Stored records:
-*-*-

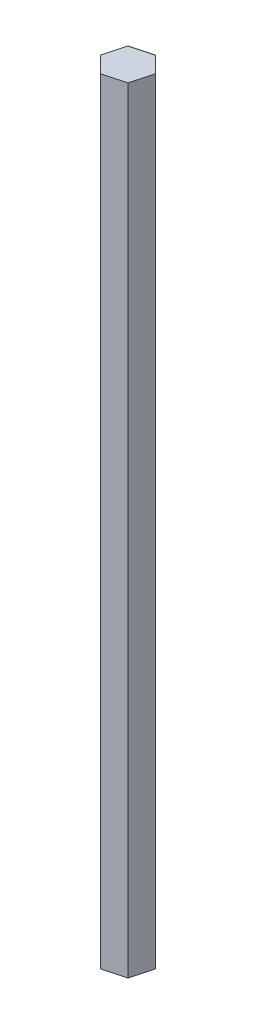
ISO-10303-21;
HEADER;
FILE_DESCRIPTION(('STEP AP214'),'2;1');
FILE_NAME('part.step','',(''),(''),'','','');
FILE_SCHEMA(('AUTOMOTIVE_DESIGN { 1 0 10303 214 1 1 1 1 }'));
ENDSEC;
DATA;
#1=APPLICATION_CONTEXT('core data for automotive mechanical design processes');
#2=APPLICATION_PROTOCOL_DEFINITION('international standard','automotive_design',2000,#1);
#3=PRODUCT_CONTEXT('',#1,'mechanical');
#4=PRODUCT('Part','Part','',(#3));
#5=PRODUCT_RELATED_PRODUCT_CATEGORY('part','',(#4));
#6=PRODUCT_DEFINITION_FORMATION('','',#4);
#7=PRODUCT_DEFINITION_CONTEXT('part definition',#1,'design');
#8=PRODUCT_DEFINITION('design','',#6,#7);
#9=PRODUCT_DEFINITION_SHAPE('','',#8);
#10=(LENGTH_UNIT() NAMED_UNIT(*) SI_UNIT(.MILLI.,.METRE.));
#11=(NAMED_UNIT(*) PLANE_ANGLE_UNIT() SI_UNIT($,.RADIAN.));
#12=(NAMED_UNIT(*) SI_UNIT($,.STERADIAN.) SOLID_ANGLE_UNIT());
#13=UNCERTAINTY_MEASURE_WITH_UNIT(LENGTH_MEASURE(1.E-05),#10,'distance_accuracy_value','');
#14=(GEOMETRIC_REPRESENTATION_CONTEXT(3) GLOBAL_UNCERTAINTY_ASSIGNED_CONTEXT((#13)) GLOBAL_UNIT_ASSIGNED_CONTEXT((#10,
#11,#12)) REPRESENTATION_CONTEXT('',''));
#15=CARTESIAN_POINT('',(0.,0.,0.));
#16=DIRECTION('',(0.,0.,1.));
#17=DIRECTION('',(1.,0.,0.));
#18=AXIS2_PLACEMENT_3D('',#15,#16,#17);
#19=CARTESIAN_POINT('',(-1.90646108622519,252.476,7.11500963644527));
#20=DIRECTION('',(-0.258819045102518,0.,-0.965925826289069));
#21=DIRECTION('',(-0.965925826289069,0.,0.258819045102518));
#22=AXIS2_PLACEMENT_3D('',#19,#20,#21);
#23=PLANE('',#22);
#24=DIRECTION('',(0.965925826289069,0.,-0.258819045102518));
#25=VECTOR('',#24,1.);
#26=CARTESIAN_POINT('',(-1.90646108622519,0.,7.11500963644527));
#27=LINE('',#26,#25);
#28=CARTESIAN_POINT('',(-1.90646108622519,0.,7.11500963644527));
#29=VERTEX_POINT('',#28);
#30=CARTESIAN_POINT('',(5.20854855022009,0.,5.20854855022012));
#31=VERTEX_POINT('',#30);
#32=EDGE_CURVE('E128',#29,#31,#27,.T.);
#33=ORIENTED_EDGE('',*,*,#32,.T.);
#34=DIRECTION('',(0.,-1.,0.));
#35=VECTOR('',#34,1.);
#36=CARTESIAN_POINT('',(5.20854855022009,252.476,5.20854855022012));
#37=LINE('',#36,#35);
#38=CARTESIAN_POINT('',(5.20854855022009,252.476,5.20854855022012));
#39=VERTEX_POINT('',#38);
#40=EDGE_CURVE('E11',#39,#31,#37,.T.);
#41=ORIENTED_EDGE('',*,*,#40,.F.);
#42=DIRECTION('',(0.965925826289069,0.,-0.258819045102518));
#43=VECTOR('',#42,1.);
#44=CARTESIAN_POINT('',(-1.90646108622519,252.476,7.11500963644527));
#45=LINE('',#44,#43);
#46=CARTESIAN_POINT('',(-1.90646108622519,252.476,7.11500963644527));
#47=VERTEX_POINT('',#46);
#48=EDGE_CURVE('E144',#47,#39,#45,.T.);
#49=ORIENTED_EDGE('',*,*,#48,.F.);
#50=DIRECTION('',(0.,-1.,0.));
#51=VECTOR('',#50,1.);
#52=CARTESIAN_POINT('',(-1.90646108622519,252.476,7.11500963644527));
#53=LINE('',#52,#51);
#54=EDGE_CURVE('E124',#47,#29,#53,.T.);
#55=ORIENTED_EDGE('',*,*,#54,.T.);
#56=EDGE_LOOP('',(#33,#41,#49,#55));
#57=FACE_BOUND('',#56,.T.);
#58=ADVANCED_FACE('F39',(#57),#23,.F.);
#59=CARTESIAN_POINT('',(5.20854855022009,252.476,5.20854855022012));
#60=DIRECTION('',(-0.965925826289068,0.,-0.258819045102524));
#61=DIRECTION('',(-0.258819045102524,0.,0.965925826289068));
#62=AXIS2_PLACEMENT_3D('',#59,#60,#61);
#63=PLANE('',#62);
#64=DIRECTION('',(0.258819045102524,0.,-0.965925826289068));
#65=VECTOR('',#64,1.);
#66=CARTESIAN_POINT('',(5.20854855022009,0.,5.20854855022012));
#67=LINE('',#66,#65);
#68=CARTESIAN_POINT('',(7.11500963644528,0.,-1.90646108622515));
#69=VERTEX_POINT('',#68);
#70=EDGE_CURVE('E132',#31,#69,#67,.T.);
#71=ORIENTED_EDGE('',*,*,#70,.T.);
#72=DIRECTION('',(0.,-1.,0.));
#73=VECTOR('',#72,1.);
#74=CARTESIAN_POINT('',(7.11500963644528,252.476,-1.90646108622515));
#75=LINE('',#74,#73);
#76=CARTESIAN_POINT('',(7.11500963644528,252.476,-1.90646108622515));
#77=VERTEX_POINT('',#76);
#78=EDGE_CURVE('E48',#77,#69,#75,.T.);
#79=ORIENTED_EDGE('',*,*,#78,.F.);
#80=DIRECTION('',(0.258819045102524,0.,-0.965925826289068));
#81=VECTOR('',#80,1.);
#82=CARTESIAN_POINT('',(5.20854855022009,252.476,5.20854855022012));
#83=LINE('',#82,#81);
#84=EDGE_CURVE('E93',#39,#77,#83,.T.);
#85=ORIENTED_EDGE('',*,*,#84,.F.);
#86=ORIENTED_EDGE('',*,*,#40,.T.);
#87=EDGE_LOOP('',(#71,#79,#85,#86));
#88=FACE_BOUND('',#87,.T.);
#89=ADVANCED_FACE('F172',(#88),#63,.F.);
#90=CARTESIAN_POINT('',(7.11500963644528,252.476,-1.90646108622515));
#91=DIRECTION('',(-0.70710678118655,0.,0.707106781186545));
#92=DIRECTION('',(0.707106781186545,0.,0.70710678118655));
#93=AXIS2_PLACEMENT_3D('',#90,#91,#92);
#94=PLANE('',#93);
#95=DIRECTION('',(-0.707106781186546,0.,-0.70710678118655));
#96=VECTOR('',#95,1.);
#97=CARTESIAN_POINT('',(7.11500963644528,0.,-1.90646108622515));
#98=LINE('',#97,#96);
#99=CARTESIAN_POINT('',(1.90646108622519,0.,-7.11500963644527));
#100=VERTEX_POINT('',#99);
#101=EDGE_CURVE('E135',#69,#100,#98,.T.);
#102=ORIENTED_EDGE('',*,*,#101,.T.);
#103=DIRECTION('',(0.,-1.,0.));
#104=VECTOR('',#103,1.);
#105=CARTESIAN_POINT('',(1.90646108622519,252.476,-7.11500963644527));
#106=LINE('',#105,#104);
#107=CARTESIAN_POINT('',(1.90646108622519,252.476,-7.11500963644527));
#108=VERTEX_POINT('',#107);
#109=EDGE_CURVE('E117',#108,#100,#106,.T.);
#110=ORIENTED_EDGE('',*,*,#109,.F.);
#111=DIRECTION('',(-0.707106781186546,0.,-0.70710678118655));
#112=VECTOR('',#111,1.);
#113=CARTESIAN_POINT('',(7.11500963644528,252.476,-1.90646108622515));
#114=LINE('',#113,#112);
#115=EDGE_CURVE('E106',#77,#108,#114,.T.);
#116=ORIENTED_EDGE('',*,*,#115,.F.);
#117=ORIENTED_EDGE('',*,*,#78,.T.);
#118=EDGE_LOOP('',(#102,#110,#116,#117));
#119=FACE_BOUND('',#118,.T.);
#120=ADVANCED_FACE('F154',(#119),#94,.F.);
#121=CARTESIAN_POINT('',(1.90646108622519,252.476,-7.11500963644527));
#122=DIRECTION('',(0.258819045102518,0.,0.965925826289069));
#123=DIRECTION('',(0.965925826289069,0.,-0.258819045102518));
#124=AXIS2_PLACEMENT_3D('',#121,#122,#123);
#125=PLANE('',#124);
#126=DIRECTION('',(-0.965925826289069,0.,0.258819045102518));
#127=VECTOR('',#126,1.);
#128=CARTESIAN_POINT('',(1.90646108622519,0.,-7.11500963644527));
#129=LINE('',#128,#127);
#130=CARTESIAN_POINT('',(-5.20854855022009,0.,-5.20854855022012));
#131=VERTEX_POINT('',#130);
#132=EDGE_CURVE('E115',#100,#131,#129,.T.);
#133=ORIENTED_EDGE('',*,*,#132,.T.);
#134=DIRECTION('',(0.,-1.,0.));
#135=VECTOR('',#134,1.);
#136=CARTESIAN_POINT('',(-5.20854855022009,252.476,-5.20854855022012));
#137=LINE('',#136,#135);
#138=CARTESIAN_POINT('',(-5.20854855022009,252.476,-5.20854855022012));
#139=VERTEX_POINT('',#138);
#140=EDGE_CURVE('E112',#139,#131,#137,.T.);
#141=ORIENTED_EDGE('',*,*,#140,.F.);
#142=DIRECTION('',(-0.965925826289069,0.,0.258819045102518));
#143=VECTOR('',#142,1.);
#144=CARTESIAN_POINT('',(1.90646108622519,252.476,-7.11500963644527));
#145=LINE('',#144,#143);
#146=EDGE_CURVE('E100',#108,#139,#145,.T.);
#147=ORIENTED_EDGE('',*,*,#146,.F.);
#148=ORIENTED_EDGE('',*,*,#109,.T.);
#149=EDGE_LOOP('',(#133,#141,#147,#148));
#150=FACE_BOUND('',#149,.T.);
#151=ADVANCED_FACE('F113',(#150),#125,.F.);
#152=CARTESIAN_POINT('',(-5.20854855022009,252.476,-5.20854855022012));
#153=DIRECTION('',(0.965925826289068,0.,0.258819045102524));
#154=DIRECTION('',(0.258819045102524,0.,-0.965925826289068));
#155=AXIS2_PLACEMENT_3D('',#152,#153,#154);
#156=PLANE('',#155);
#157=DIRECTION('',(-0.258819045102524,0.,0.965925826289068));
#158=VECTOR('',#157,1.);
#159=CARTESIAN_POINT('',(-5.20854855022009,0.,-5.20854855022012));
#160=LINE('',#159,#158);
#161=CARTESIAN_POINT('',(-7.11500963644528,0.,1.90646108622515));
#162=VERTEX_POINT('',#161);
#163=EDGE_CURVE('E79',#131,#162,#160,.T.);
#164=ORIENTED_EDGE('',*,*,#163,.T.);
#165=DIRECTION('',(0.,-1.,0.));
#166=VECTOR('',#165,1.);
#167=CARTESIAN_POINT('',(-7.11500963644528,252.476,1.90646108622515));
#168=LINE('',#167,#166);
#169=CARTESIAN_POINT('',(-7.11500963644528,252.476,1.90646108622515));
#170=VERTEX_POINT('',#169);
#171=EDGE_CURVE('E118',#170,#162,#168,.T.);
#172=ORIENTED_EDGE('',*,*,#171,.F.);
#173=DIRECTION('',(-0.258819045102524,0.,0.965925826289068));
#174=VECTOR('',#173,1.);
#175=CARTESIAN_POINT('',(-5.20854855022009,252.476,-5.20854855022012));
#176=LINE('',#175,#174);
#177=EDGE_CURVE('E104',#139,#170,#176,.T.);
#178=ORIENTED_EDGE('',*,*,#177,.F.);
#179=ORIENTED_EDGE('',*,*,#140,.T.);
#180=EDGE_LOOP('',(#164,#172,#178,#179));
#181=FACE_BOUND('',#180,.T.);
#182=ADVANCED_FACE('F120',(#181),#156,.F.);
#183=CARTESIAN_POINT('',(-7.11500963644528,252.476,1.90646108622515));
#184=DIRECTION('',(0.707106781186549,0.,-0.707106781186545));
#185=DIRECTION('',(-0.707106781186546,0.,-0.70710678118655));
#186=AXIS2_PLACEMENT_3D('',#183,#184,#185);
#187=PLANE('',#186);
#188=DIRECTION('',(0.707106781186546,0.,0.70710678118655));
#189=VECTOR('',#188,1.);
#190=CARTESIAN_POINT('',(-7.11500963644528,0.,1.90646108622515));
#191=LINE('',#190,#189);
#192=EDGE_CURVE('E85',#162,#29,#191,.T.);
#193=ORIENTED_EDGE('',*,*,#192,.T.);
#194=ORIENTED_EDGE('',*,*,#54,.F.);
#195=DIRECTION('',(0.707106781186546,0.,0.70710678118655));
#196=VECTOR('',#195,1.);
#197=CARTESIAN_POINT('',(-7.11500963644528,252.476,1.90646108622515));
#198=LINE('',#197,#196);
#199=EDGE_CURVE('E56',#170,#47,#198,.T.);
#200=ORIENTED_EDGE('',*,*,#199,.F.);
#201=ORIENTED_EDGE('',*,*,#171,.T.);
#202=EDGE_LOOP('',(#193,#194,#200,#201));
#203=FACE_BOUND('',#202,.T.);
#204=ADVANCED_FACE('F161',(#203),#187,.F.);
#205=CARTESIAN_POINT('',(0.,252.476,0.));
#206=DIRECTION('',(0.,1.,0.));
#207=DIRECTION('',(0.,0.,1.));
#208=AXIS2_PLACEMENT_3D('',#205,#206,#207);
#209=PLANE('',#208);
#210=ORIENTED_EDGE('',*,*,#48,.T.);
#211=ORIENTED_EDGE('',*,*,#84,.T.);
#212=ORIENTED_EDGE('',*,*,#115,.T.);
#213=ORIENTED_EDGE('',*,*,#146,.T.);
#214=ORIENTED_EDGE('',*,*,#177,.T.);
#215=ORIENTED_EDGE('',*,*,#199,.T.);
#216=EDGE_LOOP('',(#210,#211,#212,#213,#214,#215));
#217=FACE_BOUND('',#216,.T.);
#218=ADVANCED_FACE('F102',(#217),#209,.T.);
#219=CARTESIAN_POINT('',(0.,0.,0.));
#220=DIRECTION('',(0.,1.,0.));
#221=DIRECTION('',(0.,0.,1.));
#222=AXIS2_PLACEMENT_3D('',#219,#220,#221);
#223=PLANE('',#222);
#224=ORIENTED_EDGE('',*,*,#32,.F.);
#225=ORIENTED_EDGE('',*,*,#192,.F.);
#226=ORIENTED_EDGE('',*,*,#163,.F.);
#227=ORIENTED_EDGE('',*,*,#132,.F.);
#228=ORIENTED_EDGE('',*,*,#101,.F.);
#229=ORIENTED_EDGE('',*,*,#70,.F.);
#230=EDGE_LOOP('',(#224,#225,#226,#227,#228,#229));
#231=FACE_BOUND('',#230,.T.);
#232=ADVANCED_FACE('F157',(#231),#223,.F.);
#233=CLOSED_SHELL('',(#58,#89,#120,#151,#182,#204,#218,#232));
#234=MANIFOLD_SOLID_BREP('B2',#233);
#235=ADVANCED_BREP_SHAPE_REPRESENTATION('',(#18,#234),#14);
#236=SHAPE_DEFINITION_REPRESENTATION(#9,#235);
ENDSEC;
END-ISO-10303-21;

-*-*-

EXERCISE DIRECTIONS: Leave out the pictures. Return exactly the lines from the first line of the records to the line bearing "#3=PRODUCT_CONTEXT('',#1,'mechanical');", inclusive.

RESPONSE TO THIS TASK:
ISO-10303-21;
HEADER;
FILE_DESCRIPTION(('STEP AP214'),'2;1');
FILE_NAME('part.step','',(''),(''),'','','');
FILE_SCHEMA(('AUTOMOTIVE_DESIGN { 1 0 10303 214 1 1 1 1 }'));
ENDSEC;
DATA;
#1=APPLICATION_CONTEXT('core data for automotive mechanical design processes');
#2=APPLICATION_PROTOCOL_DEFINITION('international standard','automotive_design',2000,#1);
#3=PRODUCT_CONTEXT('',#1,'mechanical');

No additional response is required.